[Stored items from a collection]
------------

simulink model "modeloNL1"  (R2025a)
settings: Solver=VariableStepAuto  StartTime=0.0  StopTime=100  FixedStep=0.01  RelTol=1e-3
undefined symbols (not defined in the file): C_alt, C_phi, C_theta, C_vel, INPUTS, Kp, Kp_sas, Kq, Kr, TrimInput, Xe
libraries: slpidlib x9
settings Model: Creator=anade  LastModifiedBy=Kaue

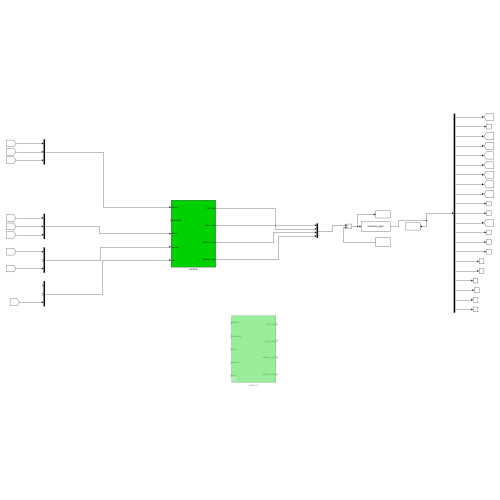
[thumbnail: Simulink's stored preview of the top-level diagram]
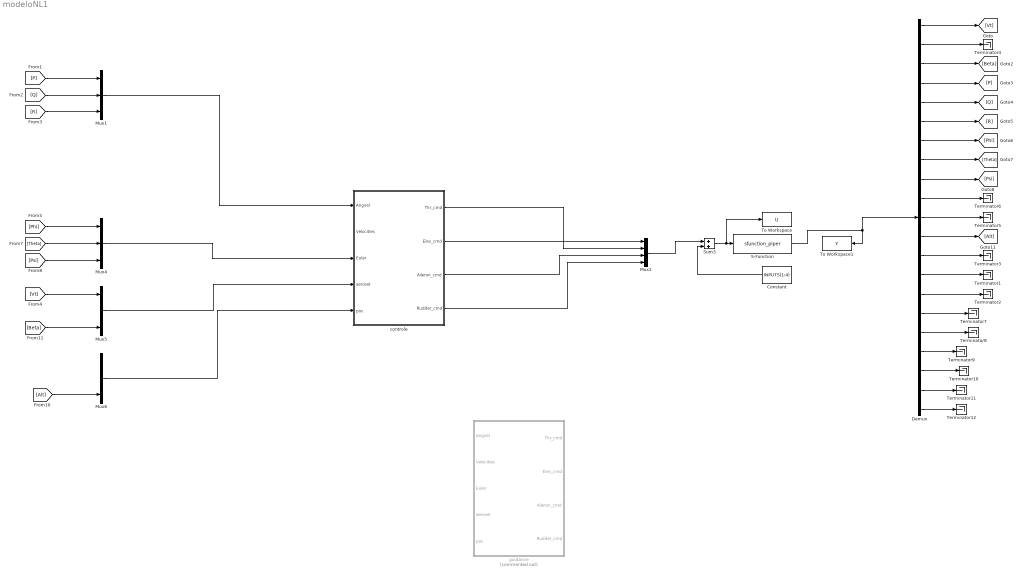
== system modeloNL1 ==
  Constant : Constant  Value=INPUTS(1:4)
  Demux : Demux  Outputs=21
  Mux{1,4..6} (4 alike) : Mux  Inputs=3
  Mux2 : Mux
  S-Function : S-Function  FunctionName=sfunction_piper  Parameters=par_gen,par_aero,par_prop, Xe  SFunctionDeploymentMode=off  EnableBusSupport=off
  Sum3 : Sum
  Terminator{1..12} (12 alike) : Terminator
  To Workspace : ToWorkspace  VariableName=U  SaveFormat=Structure With Time  SampleTime=-1
  To Workspace1 : ToWorkspace  VariableName=Y  SaveFormat=Structure With Time  SampleTime=-1
  controle : Subsystem
  guidance : Subsystem  Commented=on
  wires:
  S-Function/1 -> To Workspace1/1, Demux/1
  Sum3/1 -> To Workspace/1, S-Function/1
  controle/4(Rudder_cmd) -> Mux2/4
  controle/3(Aileron_cmd) -> Mux2/3
  Mux2/1 -> Sum3/1
  Constant/1 -> Sum3/2
  Demux/2 -> Terminator4/1
  Demux/3 -> [Beta]
  Demux/4 -> [P]
  Demux/5 -> [Q]
  Demux/6 -> [R]
  Demux/7 -> [Phi]
  Demux/8 -> [Theta]
  Demux/10 -> Terminator6/1
  Demux/11 -> Terminator5/1
  Demux/13 -> Terminator3/1
  Demux/14 -> Terminator1/1
  Demux/15 -> Terminator2/1
  Demux/1 -> [Vt]
  [Theta] -> Mux4/2
  Mux1/1 -> controle/1(Angvel)
  [Alt] -> Mux6/3
  [P] -> Mux1/1
  Mux4/1 -> controle/3(Euler)
  [R] -> Mux1/3
  [Phi] -> Mux4/1
  Mux6/1 -> controle/5(pos)
  [Q] -> Mux1/2
  Mux5/1 -> controle/4(aerovel)
  [Psi] -> Mux4/3
  [Beta] -> Mux5/3
  Demux/9 -> [Psi]
  [Vt] -> Mux5/1
  Demux/12 -> [Alt]
  controle/2(Elev_cmd) -> Mux2/1
  controle/1(Thr_cmd) -> Mux2/2
  Demux/17 -> Terminator8/1
  Demux/16 -> Terminator7/1
  Demux/19 -> Terminator10/1
  Demux/18 -> Terminator9/1
  Demux/21 -> Terminator12/1
  Demux/20 -> Terminator11/1

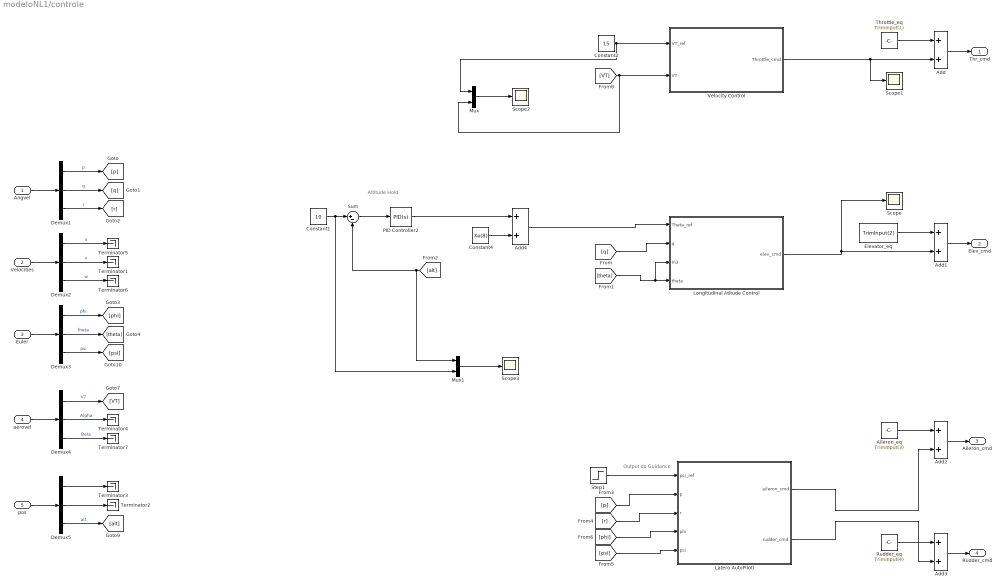
== system modeloNL1/controle ==
  note: Altitude Hold
  note: Output do Guidance
  Angvel : Inport
  Velocities : Inport  Port=2
  Euler : Inport  Port=3
  aerovel : Inport  Port=4
  pos : Inport  Port=5
  Add{,1..4} (5 alike) : Sum
  Aileron_eq : Constant  Value=TrimInput(3)
  Constant1 : Constant  Value=10
  Constant2 : Constant  Value=15
  Constant4 : Constant  Value=Xe(8)
  Demux{1..5} (5 alike) : Demux  Outputs=3
  Elevator_eq : Constant  Value=TrimInput(2)
  Latero AutoPilotl : Subsystem
  Longitudinal Atitude Control : Subsystem
  Mux : Mux  Inputs=2
  Mux1 : Mux  Inputs=2
  PID Controller2 : slpidlib/PID Controller  Controller=PID  Form=Parallel  TimeDomain=Continuous-time  UseExternalTs=off  SampleTime=-1  IntegratorMethod=Forward Euler  FilterMethod=Forward Euler  ControllerParametersSource=internal  P=C_alt.Kp  I=C_alt.Ki  UseKiTs=off  D=C_alt.Kd  UseExternalDerivativeSource=off  N=C_alt.N  UseFilter=on  TunerSelectOption=Transfer Function Based (PID Tuner App)  InitialConditionSource=internal  InitialConditionForIntegrator=0  InitialConditionForFilter=0  DifferentiatorICPrevScaledInput=0  ExternalReset=none  TrackingMode=off  Kt=1  LimitOutput=on  SatLimitsSource=internal  UpperSaturationLimit=0.26  LowerSaturationLimit=-0.17  LinearizeAsGain=on  AntiWindupMode=clamping  Kb=1  LimitIntegrator=off  UpperIntegratorSaturationLimit=inf  LowerIntegratorSaturationLimit=-inf  POutMin=[]  POutMax=[]  IOutMin=[]  IOutMax=[]  DOutMin=[]  DOutMax=[]  NOutMin=[]  NOutMax=[]  SumOutMin=[]  SumOutMax=[]  SaturationOutMin=[]  SaturationOutMax=[]  PParamMin=[]  PParamMax=[]  IParamMin=[]  IParamMax=[]  DParamMin=[]  DParamMax=[]  NParamMin=[]  NParamMax=[]  KbParamMin=[]  KbParamMax=[]  KtParamMin=[]  KtParamMax=[]  KbOutMin=[]  KbOutMax=[]  KtOutMin=[]  KtOutMax=[]  IntegratorOutMin=[]  IntegratorOutMax=[]  FilterOutMin=[]  FilterOutMax=[]  SumI1OutMin=[]  SumI1OutMax=[]  SumI2OutMin=[]  SumI2OutMax=[]  SumI3OutMin=[]  SumI3OutMax=[]  SumI4OutMin=[]  SumI4OutMax=[]  SumDOutMin=[]  SumDOutMax=[]  DifferentiatorOutMin=[]  DifferentiatorOutMax=[]  FilterDiffOutCoefMin=[]  FilterDiffOutCoefMax=[]  ReciprocalOutMin=[]  ReciprocalOutMax=[]  SumDenOutMin=[]  SumDenOutMax=[]  SumNumOutMin=[]  SumNumOutMax=[]  DivideOutMin=[]  DivideOutMax=[]  UdiffTsProdOutMin=[]  UdiffTsProdOutMax=[]  NTsProdOutMin=[]  NTsProdOutMax=[]  UintegralTsProdOutMin=[]  UintegralTsProdOutMax=[]  UngainTsProdOutMin=[]  UngainTsProdOutMax=[]  ClampingZeroOutDataTypeStr=Inherit: Inherit via back propagation  ClampingZeroOutMin=[]  ClampingZeroOutMax=[]  FilterDenConstantOutDataTypeStr=Inherit: Inherit via back propagation  FilterDenConstantOutMin=[]  FilterDenConstantOutMax=[]  PCopyOutDataTypeStr=Inherit: Inherit via back propagation  PCopyOutMin=[]  PCopyOutMax=[]  NCopyOutDataTypeStr=Inherit: Inherit via back propagation  NCopyOutMin=[]  NCopyOutMax=[]  IntegratorContinuousStateAttributes=''  IntegratorStateMustResolveToSignalObject=off  IntegratorRTWStateStorageClass=Auto  FilterContinuousStateAttributes=''  FilterStateMustResolveToSignalObject=off  FilterRTWStateStorageClass=Auto  ParallelPVariant=InternalParameters  IdealPVariant=Disabled  IVariant=InternalParameters  DVariant=InternalParameters  IntegratorVariant=Continuous  SatVariant=Enabled  AWVariant=ContClampingParallel  PCopyVariant=Disabled  TRVariant=Disabled  FdbkBlocksVariant=Forward  IdealPFdbkVariant=Disabled  SatFdbkVariant=Disabled  DerivativeFilterVariant=ContFilter  NVariant=InternalParameters  NCopyVariant=Disabled  FilterICVariant=InternalICsFilter  IntegratorICVariant=InternalICs  ExternalResetVariant=Disabled  TRSumVariant=Passthrough  SumFdbkVariant=Disabled  SumVariant=Sum_PID  TsampFilterVariant=InternalTs  TsampNgainVariant=Passthrough  TsampIntegralVariant=Disabled_SignalSpec  ExternalSaturationOutDataTypeStr=Inherit: Same as second input  DerivativeSourceVariant=ErrorSignal  PreIntVariant=InternalPreInt
  Rudder_eq : Constant  Value=TrimInput(4)
  Scope{,1..3} (4 alike) : Scope
      Scope settings: ActiveDisplayYMinimum=-1E-5  ActiveDisplayYMaximum=0.0001
      Scope1 settings: ActiveDisplayYMinimum=-746.9186  ActiveDisplayYMaximum=116.1605  DataLoggingVariableName=ScopeData2
      Scope2 settings: ActiveDisplayYMinimum=-99.881928520684582  ActiveDisplayYMaximum=101.11428639075469  DataLoggingVariableName=ScopeData4
      Scope3 settings: ActiveDisplayYMinimum=-113.29137312954269  ActiveDisplayYMaximum=148.47510576001991  DataLoggingVariableName=ScopeData6
  Step1 : Step  Time=5  After=deg2rad(45)  SampleTime=0
  Sum : Sum  Inputs=|+-
  Terminator{1..7} (7 alike) : Terminator
  Throttle_eq : Constant  Value=TrimInput(1)
  Velocity Control : Subsystem
  Thr_cmd : Outport
  Elev_cmd : Outport  Port=2
  Aileron_cmd : Outport  Port=3
  Rudder_cmd : Outport  Port=4
  wires:
  Angvel/1 -> Demux1/1
  Velocities/1 -> Demux2/1
  Demux1/1 -> [p]  "p"
  Demux1/2 -> [q]  "q"
  Demux1/3 -> [r]  "r"
  Euler/1 -> Demux3/1
  Demux3/3 -> [psi]  "psi"
  Demux3/1 -> [phi]  "phi"
  Demux3/2 -> [theta]  "theta"
  Demux2/3 -> Terminator6/1  "w"
  Demux2/1 -> Terminator5/1  "u"
  Demux2/2 -> Terminator1/1  "v"
  [theta] -> Longitudinal Atitude Control/3(In3), Longitudinal Atitude Control/4(theta)
  aerovel/1 -> Demux4/1
  Demux4/1 -> [VT]  "VT"
  Demux4/2 -> Terminator4/1  "Alpha"
  Demux4/3 -> Terminator7/1  "Beta"
  [q] -> Longitudinal Atitude Control/2(q)
  [VT] -> Mux/2, Velocity Control/2(VT)
  pos/1 -> Demux5/1
  Demux5/3 -> [alt]  "alt"
  Demux5/2 -> Terminator2/1
  Demux5/1 -> Terminator3/1
  [alt] -> Sum/2, Mux1/1
  [p] -> Latero AutoPilotl/2(p)
  [r] -> Latero AutoPilotl/3(r)
  [psi] -> Latero AutoPilotl/5(psi)
  [phi] -> Latero AutoPilotl/4(phi)
  Constant4/1 -> Add4/2
  Add4/1 -> Longitudinal Atitude Control/1(Theta_ref)
  Step1/1 -> Latero AutoPilotl/1(psi_ref)
  Constant1/1 -> Mux1/2, Sum/1
  Mux/1 -> Scope2/1
  Add1/1 -> Elev_cmd/1
  Longitudinal Atitude Control/1(elev_cmd) -> Scope/1, Add1/2
  Add/1 -> Thr_cmd/1
  Velocity Control/1(Throttle_cmd) -> Scope1/1, Add/2
  Latero AutoPilotl/1(aileron_cmd) -> Add2/2
  Elevator_eq/1 -> Add1/1
  Rudder_eq/1 -> Add3/1
  Aileron_eq/1 -> Add2/1
  Latero AutoPilotl/2(rudder_cmd) -> Add3/2
  Add2/1 -> Aileron_cmd/1
  Add3/1 -> Rudder_cmd/1
  Throttle_eq/1 -> Add/1
  Mux1/1 -> Scope3/1
  Sum/1 -> PID Controller2/1
  PID Controller2/1 -> Add4/1
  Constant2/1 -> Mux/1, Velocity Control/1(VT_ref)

------------

What this task involves>
The stretch of entries above that starts with the line containing "Scope1 settings: ActiveDisplayYMinimum=-746.9186" and goes on through the line containing "Add4/1 -> Longitudinal" is to be transcribed exactly, and no other line is to be transcribed.

Expected answer>
      Scope1 settings: ActiveDisplayYMinimum=-746.9186  ActiveDisplayYMaximum=116.1605  DataLoggingVariableName=ScopeData2
      Scope2 settings: ActiveDisplayYMinimum=-99.881928520684582  ActiveDisplayYMaximum=101.11428639075469  DataLoggingVariableName=ScopeData4
      Scope3 settings: ActiveDisplayYMinimum=-113.29137312954269  ActiveDisplayYMaximum=148.47510576001991  DataLoggingVariableName=ScopeData6
  Step1 : Step  Time=5  After=deg2rad(45)  SampleTime=0
  Sum : Sum  Inputs=|+-
  Terminator{1..7} (7 alike) : Terminator
  Throttle_eq : Constant  Value=TrimInput(1)
  Velocity Control : Subsystem
  Thr_cmd : Outport
  Elev_cmd : Outport  Port=2
  Aileron_cmd : Outport  Port=3
  Rudder_cmd : Outport  Port=4
  wires:
  Angvel/1 -> Demux1/1
  Velocities/1 -> Demux2/1
  Demux1/1 -> [p]  "p"
  Demux1/2 -> [q]  "q"
  Demux1/3 -> [r]  "r"
  Euler/1 -> Demux3/1
  Demux3/3 -> [psi]  "psi"
  Demux3/1 -> [phi]  "phi"
  Demux3/2 -> [theta]  "theta"
  Demux2/3 -> Terminator6/1  "w"
  Demux2/1 -> Terminator5/1  "u"
  Demux2/2 -> Terminator1/1  "v"
  [theta] -> Longitudinal Atitude Control/3(In3), Longitudinal Atitude Control/4(theta)
  aerovel/1 -> Demux4/1
  Demux4/1 -> [VT]  "VT"
  Demux4/2 -> Terminator4/1  "Alpha"
  Demux4/3 -> Terminator7/1  "Beta"
  [q] -> Longitudinal Atitude Control/2(q)
  [VT] -> Mux/2, Velocity Control/2(VT)
  pos/1 -> Demux5/1
  Demux5/3 -> [alt]  "alt"
  Demux5/2 -> Terminator2/1
  Demux5/1 -> Terminator3/1
  [alt] -> Sum/2, Mux1/1
  [p] -> Latero AutoPilotl/2(p)
  [r] -> Latero AutoPilotl/3(r)
  [psi] -> Latero AutoPilotl/5(psi)
  [phi] -> Latero AutoPilotl/4(phi)
  Constant4/1 -> Add4/2
  Add4/1 -> Longitudinal Atitude Control/1(Theta_ref)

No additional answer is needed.